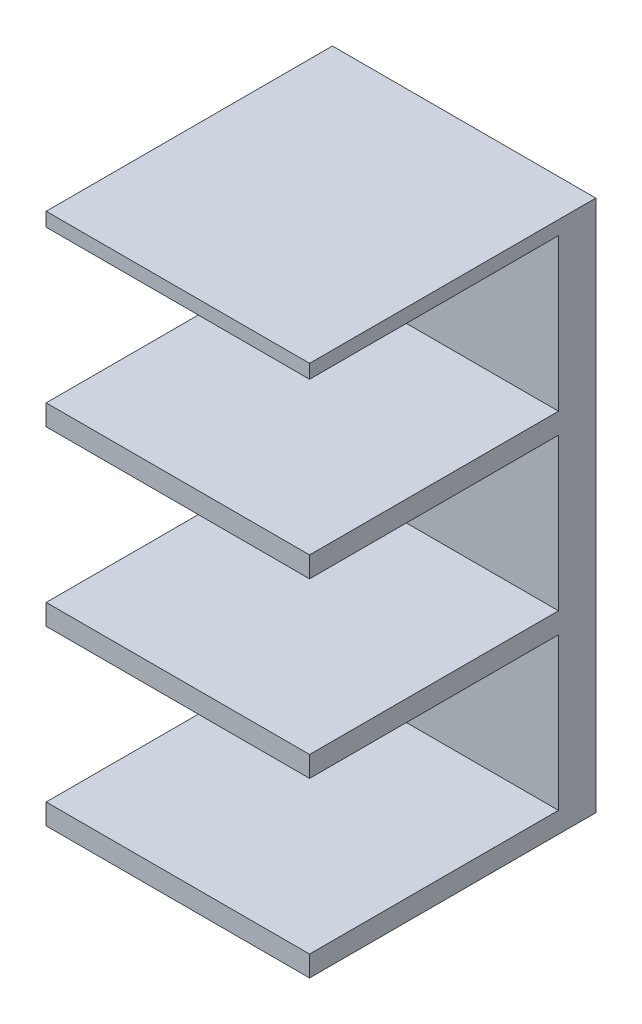
ISO-10303-21;
HEADER;
FILE_DESCRIPTION(('STEP AP214'),'2;1');
FILE_NAME('part.step','',(''),(''),'','','');
FILE_SCHEMA(('AUTOMOTIVE_DESIGN { 1 0 10303 214 1 1 1 1 }'));
ENDSEC;
DATA;
#1=APPLICATION_CONTEXT('core data for automotive mechanical design processes');
#2=APPLICATION_PROTOCOL_DEFINITION('international standard','automotive_design',2000,#1);
#3=PRODUCT_CONTEXT('',#1,'mechanical');
#4=PRODUCT('Part','Part','',(#3));
#5=PRODUCT_RELATED_PRODUCT_CATEGORY('part','',(#4));
#6=PRODUCT_DEFINITION_FORMATION('','',#4);
#7=PRODUCT_DEFINITION_CONTEXT('part definition',#1,'design');
#8=PRODUCT_DEFINITION('design','',#6,#7);
#9=PRODUCT_DEFINITION_SHAPE('','',#8);
#10=(LENGTH_UNIT() NAMED_UNIT(*) SI_UNIT(.MILLI.,.METRE.));
#11=(NAMED_UNIT(*) PLANE_ANGLE_UNIT() SI_UNIT($,.RADIAN.));
#12=(NAMED_UNIT(*) SI_UNIT($,.STERADIAN.) SOLID_ANGLE_UNIT());
#13=UNCERTAINTY_MEASURE_WITH_UNIT(LENGTH_MEASURE(1.E-05),#10,'distance_accuracy_value','');
#14=(GEOMETRIC_REPRESENTATION_CONTEXT(3) GLOBAL_UNCERTAINTY_ASSIGNED_CONTEXT((#13)) GLOBAL_UNIT_ASSIGNED_CONTEXT((#10,
#11,#12)) REPRESENTATION_CONTEXT('',''));
#15=CARTESIAN_POINT('',(0.,0.,0.));
#16=DIRECTION('',(0.,0.,1.));
#17=DIRECTION('',(1.,0.,0.));
#18=AXIS2_PLACEMENT_3D('',#15,#16,#17);
#19=CARTESIAN_POINT('',(-875.,3700.,-900.));
#20=DIRECTION('',(0.,0.,-1.));
#21=DIRECTION('',(-1.,0.,0.));
#22=AXIS2_PLACEMENT_3D('',#19,#20,#21);
#23=PLANE('',#22);
#24=DIRECTION('',(0.,-1.,0.));
#25=VECTOR('',#24,1.);
#26=CARTESIAN_POINT('',(-875.,3700.,-900.));
#27=LINE('',#26,#25);
#28=CARTESIAN_POINT('',(-875.,3600.,-900.));
#29=VERTEX_POINT('',#28);
#30=CARTESIAN_POINT('',(-875.,2500.,-900.));
#31=VERTEX_POINT('',#30);
#32=EDGE_CURVE('E257',#29,#31,#27,.T.);
#33=ORIENTED_EDGE('',*,*,#32,.T.);
#34=DIRECTION('',(-1.,0.,0.));
#35=VECTOR('',#34,1.);
#36=CARTESIAN_POINT('',(-875.,2500.,-900.));
#37=LINE('',#36,#35);
#38=CARTESIAN_POINT('',(1030.,2500.,-900.));
#39=VERTEX_POINT('',#38);
#40=EDGE_CURVE('E56',#39,#31,#37,.T.);
#41=ORIENTED_EDGE('',*,*,#40,.F.);
#42=DIRECTION('',(0.,-1.,0.));
#43=VECTOR('',#42,1.);
#44=CARTESIAN_POINT('',(1030.,2500.,-900.));
#45=LINE('',#44,#43);
#46=CARTESIAN_POINT('',(1030.,3600.,-900.));
#47=VERTEX_POINT('',#46);
#48=EDGE_CURVE('E168',#47,#39,#45,.T.);
#49=ORIENTED_EDGE('',*,*,#48,.F.);
#50=DIRECTION('',(-1.,0.,0.));
#51=VECTOR('',#50,1.);
#52=CARTESIAN_POINT('',(-875.,3600.,-900.));
#53=LINE('',#52,#51);
#54=EDGE_CURVE('E159',#47,#29,#53,.T.);
#55=ORIENTED_EDGE('',*,*,#54,.T.);
#56=EDGE_LOOP('',(#33,#41,#49,#55));
#57=FACE_BOUND('',#56,.T.);
#58=ADVANCED_FACE('F35',(#57),#23,.F.);
#59=CARTESIAN_POINT('',(-875.,2350.,-900.));
#60=VERTEX_POINT('',#59);
#61=CARTESIAN_POINT('',(-875.,1250.,-900.));
#62=VERTEX_POINT('',#61);
#63=EDGE_CURVE('E260',#60,#62,#27,.T.);
#64=ORIENTED_EDGE('',*,*,#63,.T.);
#65=DIRECTION('',(-1.,0.,0.));
#66=VECTOR('',#65,1.);
#67=CARTESIAN_POINT('',(-875.,1250.,-900.));
#68=LINE('',#67,#66);
#69=CARTESIAN_POINT('',(1030.,1250.,-900.));
#70=VERTEX_POINT('',#69);
#71=EDGE_CURVE('E233',#70,#62,#68,.T.);
#72=ORIENTED_EDGE('',*,*,#71,.F.);
#73=DIRECTION('',(0.,-1.,0.));
#74=VECTOR('',#73,1.);
#75=CARTESIAN_POINT('',(1030.,1250.,-900.));
#76=LINE('',#75,#74);
#77=CARTESIAN_POINT('',(1030.,2350.,-900.));
#78=VERTEX_POINT('',#77);
#79=EDGE_CURVE('E187',#78,#70,#76,.T.);
#80=ORIENTED_EDGE('',*,*,#79,.F.);
#81=DIRECTION('',(-1.,0.,0.));
#82=VECTOR('',#81,1.);
#83=CARTESIAN_POINT('',(-875.,2350.,-900.));
#84=LINE('',#83,#82);
#85=EDGE_CURVE('E219',#78,#60,#84,.T.);
#86=ORIENTED_EDGE('',*,*,#85,.T.);
#87=EDGE_LOOP('',(#64,#72,#80,#86));
#88=FACE_BOUND('',#87,.T.);
#89=ADVANCED_FACE('F307',(#88),#23,.F.);
#90=CARTESIAN_POINT('',(-875.,-150.,900.));
#91=DIRECTION('',(0.,0.,1.));
#92=DIRECTION('',(1.,0.,0.));
#93=AXIS2_PLACEMENT_3D('',#90,#91,#92);
#94=PLANE('',#93);
#95=DIRECTION('',(1.,0.,0.));
#96=VECTOR('',#95,1.);
#97=CARTESIAN_POINT('',(-875.,-150.,900.));
#98=LINE('',#97,#96);
#99=CARTESIAN_POINT('',(-875.,-150.,900.));
#100=VERTEX_POINT('',#99);
#101=CARTESIAN_POINT('',(1030.,-150.,900.));
#102=VERTEX_POINT('',#101);
#103=EDGE_CURVE('E263',#100,#102,#98,.T.);
#104=ORIENTED_EDGE('',*,*,#103,.T.);
#105=DIRECTION('',(0.,-1.,0.));
#106=VECTOR('',#105,1.);
#107=CARTESIAN_POINT('',(1030.,-150.,900.));
#108=LINE('',#107,#106);
#109=CARTESIAN_POINT('',(1030.,0.,900.));
#110=VERTEX_POINT('',#109);
#111=EDGE_CURVE('E205',#110,#102,#108,.T.);
#112=ORIENTED_EDGE('',*,*,#111,.F.);
#113=DIRECTION('',(1.,0.,0.));
#114=VECTOR('',#113,1.);
#115=CARTESIAN_POINT('',(-875.,0.,900.));
#116=LINE('',#115,#114);
#117=CARTESIAN_POINT('',(-875.,0.,900.));
#118=VERTEX_POINT('',#117);
#119=EDGE_CURVE('E264',#118,#110,#116,.T.);
#120=ORIENTED_EDGE('',*,*,#119,.F.);
#121=DIRECTION('',(0.,1.,0.));
#122=VECTOR('',#121,1.);
#123=CARTESIAN_POINT('',(-875.,-150.,900.));
#124=LINE('',#123,#122);
#125=EDGE_CURVE('E43',#100,#118,#124,.T.);
#126=ORIENTED_EDGE('',*,*,#125,.F.);
#127=EDGE_LOOP('',(#104,#112,#120,#126));
#128=FACE_BOUND('',#127,.T.);
#129=ADVANCED_FACE('F282',(#128),#94,.T.);
#130=CARTESIAN_POINT('',(-875.,-150.,900.));
#131=DIRECTION('',(-1.,0.,0.));
#132=DIRECTION('',(0.,0.,1.));
#133=AXIS2_PLACEMENT_3D('',#130,#131,#132);
#134=PLANE('',#133);
#135=DIRECTION('',(0.,-1.,0.));
#136=VECTOR('',#135,1.);
#137=CARTESIAN_POINT('',(-875.,3700.,-1170.));
#138=LINE('',#137,#136);
#139=CARTESIAN_POINT('',(-875.,3700.,-1170.));
#140=VERTEX_POINT('',#139);
#141=CARTESIAN_POINT('',(-875.,-149.999999999999,-1170.));
#142=VERTEX_POINT('',#141);
#143=EDGE_CURVE('E253',#140,#142,#138,.T.);
#144=ORIENTED_EDGE('',*,*,#143,.T.);
#145=DIRECTION('',(0.,0.,1.));
#146=VECTOR('',#145,1.);
#147=CARTESIAN_POINT('',(-875.,-150.,900.));
#148=LINE('',#147,#146);
#149=EDGE_CURVE('E261',#142,#100,#148,.T.);
#150=ORIENTED_EDGE('',*,*,#149,.T.);
#151=ORIENTED_EDGE('',*,*,#125,.T.);
#152=DIRECTION('',(0.,0.,1.));
#153=VECTOR('',#152,1.);
#154=CARTESIAN_POINT('',(-875.,0.,900.));
#155=LINE('',#154,#153);
#156=CARTESIAN_POINT('',(-875.,0.,-900.));
#157=VERTEX_POINT('',#156);
#158=EDGE_CURVE('E267',#157,#118,#155,.T.);
#159=ORIENTED_EDGE('',*,*,#158,.F.);
#160=CARTESIAN_POINT('',(-875.,1100.,-900.));
#161=VERTEX_POINT('',#160);
#162=EDGE_CURVE('E256',#161,#157,#27,.T.);
#163=ORIENTED_EDGE('',*,*,#162,.F.);
#164=DIRECTION('',(0.,0.,1.));
#165=VECTOR('',#164,1.);
#166=CARTESIAN_POINT('',(-875.,1100.,900.));
#167=LINE('',#166,#165);
#168=CARTESIAN_POINT('',(-875.,1100.,900.));
#169=VERTEX_POINT('',#168);
#170=EDGE_CURVE('E236',#161,#169,#167,.T.);
#171=ORIENTED_EDGE('',*,*,#170,.T.);
#172=DIRECTION('',(0.,1.,0.));
#173=VECTOR('',#172,1.);
#174=CARTESIAN_POINT('',(-875.,1100.,900.));
#175=LINE('',#174,#173);
#176=CARTESIAN_POINT('',(-875.,1250.,900.));
#177=VERTEX_POINT('',#176);
#178=EDGE_CURVE('E242',#169,#177,#175,.T.);
#179=ORIENTED_EDGE('',*,*,#178,.T.);
#180=DIRECTION('',(0.,0.,1.));
#181=VECTOR('',#180,1.);
#182=CARTESIAN_POINT('',(-875.,1250.,900.));
#183=LINE('',#182,#181);
#184=EDGE_CURVE('E244',#62,#177,#183,.T.);
#185=ORIENTED_EDGE('',*,*,#184,.F.);
#186=ORIENTED_EDGE('',*,*,#63,.F.);
#187=DIRECTION('',(0.,0.,1.));
#188=VECTOR('',#187,1.);
#189=CARTESIAN_POINT('',(-875.,2350.,900.));
#190=LINE('',#189,#188);
#191=CARTESIAN_POINT('',(-875.,2350.,900.));
#192=VERTEX_POINT('',#191);
#193=EDGE_CURVE('E221',#60,#192,#190,.T.);
#194=ORIENTED_EDGE('',*,*,#193,.T.);
#195=DIRECTION('',(0.,1.,0.));
#196=VECTOR('',#195,1.);
#197=CARTESIAN_POINT('',(-875.,2350.,900.));
#198=LINE('',#197,#196);
#199=CARTESIAN_POINT('',(-875.,2500.,900.));
#200=VERTEX_POINT('',#199);
#201=EDGE_CURVE('E227',#192,#200,#198,.T.);
#202=ORIENTED_EDGE('',*,*,#201,.T.);
#203=DIRECTION('',(0.,0.,1.));
#204=VECTOR('',#203,1.);
#205=CARTESIAN_POINT('',(-875.,2500.,900.));
#206=LINE('',#205,#204);
#207=EDGE_CURVE('E229',#31,#200,#206,.T.);
#208=ORIENTED_EDGE('',*,*,#207,.F.);
#209=ORIENTED_EDGE('',*,*,#32,.F.);
#210=DIRECTION('',(0.,0.,1.));
#211=VECTOR('',#210,1.);
#212=CARTESIAN_POINT('',(-875.,3600.,-900.));
#213=LINE('',#212,#211);
#214=CARTESIAN_POINT('',(-875.,3600.,900.));
#215=VERTEX_POINT('',#214);
#216=EDGE_CURVE('E160',#29,#215,#213,.T.);
#217=ORIENTED_EDGE('',*,*,#216,.T.);
#218=DIRECTION('',(0.,-1.,0.));
#219=VECTOR('',#218,1.);
#220=CARTESIAN_POINT('',(-875.,3700.,900.));
#221=LINE('',#220,#219);
#222=CARTESIAN_POINT('',(-875.,3700.,900.));
#223=VERTEX_POINT('',#222);
#224=EDGE_CURVE('E155',#223,#215,#221,.T.);
#225=ORIENTED_EDGE('',*,*,#224,.F.);
#226=DIRECTION('',(0.,0.,1.));
#227=VECTOR('',#226,1.);
#228=CARTESIAN_POINT('',(-875.,3700.,-900.));
#229=LINE('',#228,#227);
#230=EDGE_CURVE('E249',#140,#223,#229,.T.);
#231=ORIENTED_EDGE('',*,*,#230,.F.);
#232=EDGE_LOOP('',(#144,#150,#151,#159,#163,#171,#179,#185,#186,#194,#202,#208,#209,#217,#225,#231));
#233=FACE_BOUND('',#232,.T.);
#234=ADVANCED_FACE('F37',(#233),#134,.T.);
#235=CARTESIAN_POINT('',(0.,-150.,0.));
#236=DIRECTION('',(0.,-1.,0.));
#237=DIRECTION('',(0.,0.,-1.));
#238=AXIS2_PLACEMENT_3D('',#235,#236,#237);
#239=PLANE('',#238);
#240=ORIENTED_EDGE('',*,*,#149,.F.);
#241=DIRECTION('',(-1.,0.,0.));
#242=VECTOR('',#241,1.);
#243=CARTESIAN_POINT('',(-875.,-150.,-1170.));
#244=LINE('',#243,#242);
#245=CARTESIAN_POINT('',(1030.,-150.,-1170.));
#246=VERTEX_POINT('',#245);
#247=EDGE_CURVE('E11',#246,#142,#244,.T.);
#248=ORIENTED_EDGE('',*,*,#247,.F.);
#249=DIRECTION('',(0.,0.,-1.));
#250=VECTOR('',#249,1.);
#251=CARTESIAN_POINT('',(1030.,-150.,-1170.));
#252=LINE('',#251,#250);
#253=EDGE_CURVE('E208',#102,#246,#252,.T.);
#254=ORIENTED_EDGE('',*,*,#253,.F.);
#255=ORIENTED_EDGE('',*,*,#103,.F.);
#256=EDGE_LOOP('',(#240,#248,#254,#255));
#257=FACE_BOUND('',#256,.T.);
#258=ADVANCED_FACE('F285',(#257),#239,.T.);
#259=CARTESIAN_POINT('',(0.,0.,0.));
#260=DIRECTION('',(0.,-1.,0.));
#261=DIRECTION('',(0.,0.,-1.));
#262=AXIS2_PLACEMENT_3D('',#259,#260,#261);
#263=PLANE('',#262);
#264=ORIENTED_EDGE('',*,*,#119,.T.);
#265=DIRECTION('',(0.,0.,1.));
#266=VECTOR('',#265,1.);
#267=CARTESIAN_POINT('',(1030.,0.,900.));
#268=LINE('',#267,#266);
#269=CARTESIAN_POINT('',(1030.,0.,-900.));
#270=VERTEX_POINT('',#269);
#271=EDGE_CURVE('E202',#270,#110,#268,.T.);
#272=ORIENTED_EDGE('',*,*,#271,.F.);
#273=DIRECTION('',(-1.,0.,0.));
#274=VECTOR('',#273,1.);
#275=CARTESIAN_POINT('',(-875.,0.,-900.));
#276=LINE('',#275,#274);
#277=EDGE_CURVE('E259',#270,#157,#276,.T.);
#278=ORIENTED_EDGE('',*,*,#277,.T.);
#279=ORIENTED_EDGE('',*,*,#158,.T.);
#280=EDGE_LOOP('',(#264,#272,#278,#279));
#281=FACE_BOUND('',#280,.T.);
#282=ADVANCED_FACE('F278',(#281),#263,.F.);
#283=ORIENTED_EDGE('',*,*,#162,.T.);
#284=ORIENTED_EDGE('',*,*,#277,.F.);
#285=DIRECTION('',(0.,-1.,0.));
#286=VECTOR('',#285,1.);
#287=CARTESIAN_POINT('',(1030.,0.,-900.));
#288=LINE('',#287,#286);
#289=CARTESIAN_POINT('',(1030.,1100.,-900.));
#290=VERTEX_POINT('',#289);
#291=EDGE_CURVE('E199',#290,#270,#288,.T.);
#292=ORIENTED_EDGE('',*,*,#291,.F.);
#293=DIRECTION('',(-1.,0.,0.));
#294=VECTOR('',#293,1.);
#295=CARTESIAN_POINT('',(-875.,1100.,-900.));
#296=LINE('',#295,#294);
#297=EDGE_CURVE('E234',#290,#161,#296,.T.);
#298=ORIENTED_EDGE('',*,*,#297,.T.);
#299=EDGE_LOOP('',(#283,#284,#292,#298));
#300=FACE_BOUND('',#299,.T.);
#301=ADVANCED_FACE('F310',(#300),#23,.F.);
#302=CARTESIAN_POINT('',(-875.,3700.,-1170.));
#303=DIRECTION('',(0.,0.,1.));
#304=DIRECTION('',(1.,0.,0.));
#305=AXIS2_PLACEMENT_3D('',#302,#303,#304);
#306=PLANE('',#305);
#307=ORIENTED_EDGE('',*,*,#143,.F.);
#308=DIRECTION('',(-1.,0.,0.));
#309=VECTOR('',#308,1.);
#310=CARTESIAN_POINT('',(-875.,3700.,-1170.));
#311=LINE('',#310,#309);
#312=CARTESIAN_POINT('',(1030.,3700.,-1170.));
#313=VERTEX_POINT('',#312);
#314=EDGE_CURVE('E251',#313,#140,#311,.T.);
#315=ORIENTED_EDGE('',*,*,#314,.F.);
#316=DIRECTION('',(0.,1.,0.));
#317=VECTOR('',#316,1.);
#318=CARTESIAN_POINT('',(1030.,3700.,-1170.));
#319=LINE('',#318,#317);
#320=EDGE_CURVE('E211',#246,#313,#319,.T.);
#321=ORIENTED_EDGE('',*,*,#320,.F.);
#322=ORIENTED_EDGE('',*,*,#247,.T.);
#323=EDGE_LOOP('',(#307,#315,#321,#322));
#324=FACE_BOUND('',#323,.T.);
#325=ADVANCED_FACE('F287',(#324),#306,.F.);
#326=CARTESIAN_POINT('',(0.,3700.,0.));
#327=DIRECTION('',(0.,-1.,0.));
#328=DIRECTION('',(0.,0.,-1.));
#329=AXIS2_PLACEMENT_3D('',#326,#327,#328);
#330=PLANE('',#329);
#331=DIRECTION('',(1.,0.,0.));
#332=VECTOR('',#331,1.);
#333=CARTESIAN_POINT('',(-875.,3700.,900.));
#334=LINE('',#333,#332);
#335=CARTESIAN_POINT('',(1030.,3700.,900.));
#336=VERTEX_POINT('',#335);
#337=EDGE_CURVE('E214',#223,#336,#334,.T.);
#338=ORIENTED_EDGE('',*,*,#337,.T.);
#339=DIRECTION('',(0.,0.,1.));
#340=VECTOR('',#339,1.);
#341=CARTESIAN_POINT('',(1030.,3700.,900.));
#342=LINE('',#341,#340);
#343=EDGE_CURVE('E174',#313,#336,#342,.T.);
#344=ORIENTED_EDGE('',*,*,#343,.F.);
#345=ORIENTED_EDGE('',*,*,#314,.T.);
#346=ORIENTED_EDGE('',*,*,#230,.T.);
#347=EDGE_LOOP('',(#338,#344,#345,#346));
#348=FACE_BOUND('',#347,.T.);
#349=ADVANCED_FACE('F289',(#348),#330,.F.);
#350=CARTESIAN_POINT('',(-875.,1100.,900.));
#351=DIRECTION('',(0.,0.,1.));
#352=DIRECTION('',(1.,0.,0.));
#353=AXIS2_PLACEMENT_3D('',#350,#351,#352);
#354=PLANE('',#353);
#355=DIRECTION('',(1.,0.,0.));
#356=VECTOR('',#355,1.);
#357=CARTESIAN_POINT('',(-875.,1100.,900.));
#358=LINE('',#357,#356);
#359=CARTESIAN_POINT('',(1030.,1100.,900.));
#360=VERTEX_POINT('',#359);
#361=EDGE_CURVE('E240',#169,#360,#358,.T.);
#362=ORIENTED_EDGE('',*,*,#361,.T.);
#363=DIRECTION('',(0.,-1.,0.));
#364=VECTOR('',#363,1.);
#365=CARTESIAN_POINT('',(1030.,1100.,900.));
#366=LINE('',#365,#364);
#367=CARTESIAN_POINT('',(1030.,1250.,900.));
#368=VERTEX_POINT('',#367);
#369=EDGE_CURVE('E193',#368,#360,#366,.T.);
#370=ORIENTED_EDGE('',*,*,#369,.F.);
#371=DIRECTION('',(1.,0.,0.));
#372=VECTOR('',#371,1.);
#373=CARTESIAN_POINT('',(-875.,1250.,900.));
#374=LINE('',#373,#372);
#375=EDGE_CURVE('E237',#177,#368,#374,.T.);
#376=ORIENTED_EDGE('',*,*,#375,.F.);
#377=ORIENTED_EDGE('',*,*,#178,.F.);
#378=EDGE_LOOP('',(#362,#370,#376,#377));
#379=FACE_BOUND('',#378,.T.);
#380=ADVANCED_FACE('F319',(#379),#354,.T.);
#381=CARTESIAN_POINT('',(0.,1100.,0.));
#382=DIRECTION('',(0.,-1.,0.));
#383=DIRECTION('',(0.,0.,-1.));
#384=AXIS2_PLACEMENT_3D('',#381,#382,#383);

+ + + + + + +

_ASSIGNMENT_
The answer is the lines above between the line holding "#50=DIRECTION('',(-1.,0.,0.));" and the line holding "#62=VERTEX_POINT('',#61);", inclusive, each written out exactly, and no others.

_EXPECTED ANSWER_
#50=DIRECTION('',(-1.,0.,0.));
#51=VECTOR('',#50,1.);
#52=CARTESIAN_POINT('',(-875.,3600.,-900.));
#53=LINE('',#52,#51);
#54=EDGE_CURVE('E159',#47,#29,#53,.T.);
#55=ORIENTED_EDGE('',*,*,#54,.T.);
#56=EDGE_LOOP('',(#33,#41,#49,#55));
#57=FACE_BOUND('',#56,.T.);
#58=ADVANCED_FACE('F35',(#57),#23,.F.);
#59=CARTESIAN_POINT('',(-875.,2350.,-900.));
#60=VERTEX_POINT('',#59);
#61=CARTESIAN_POINT('',(-875.,1250.,-900.));
#62=VERTEX_POINT('',#61);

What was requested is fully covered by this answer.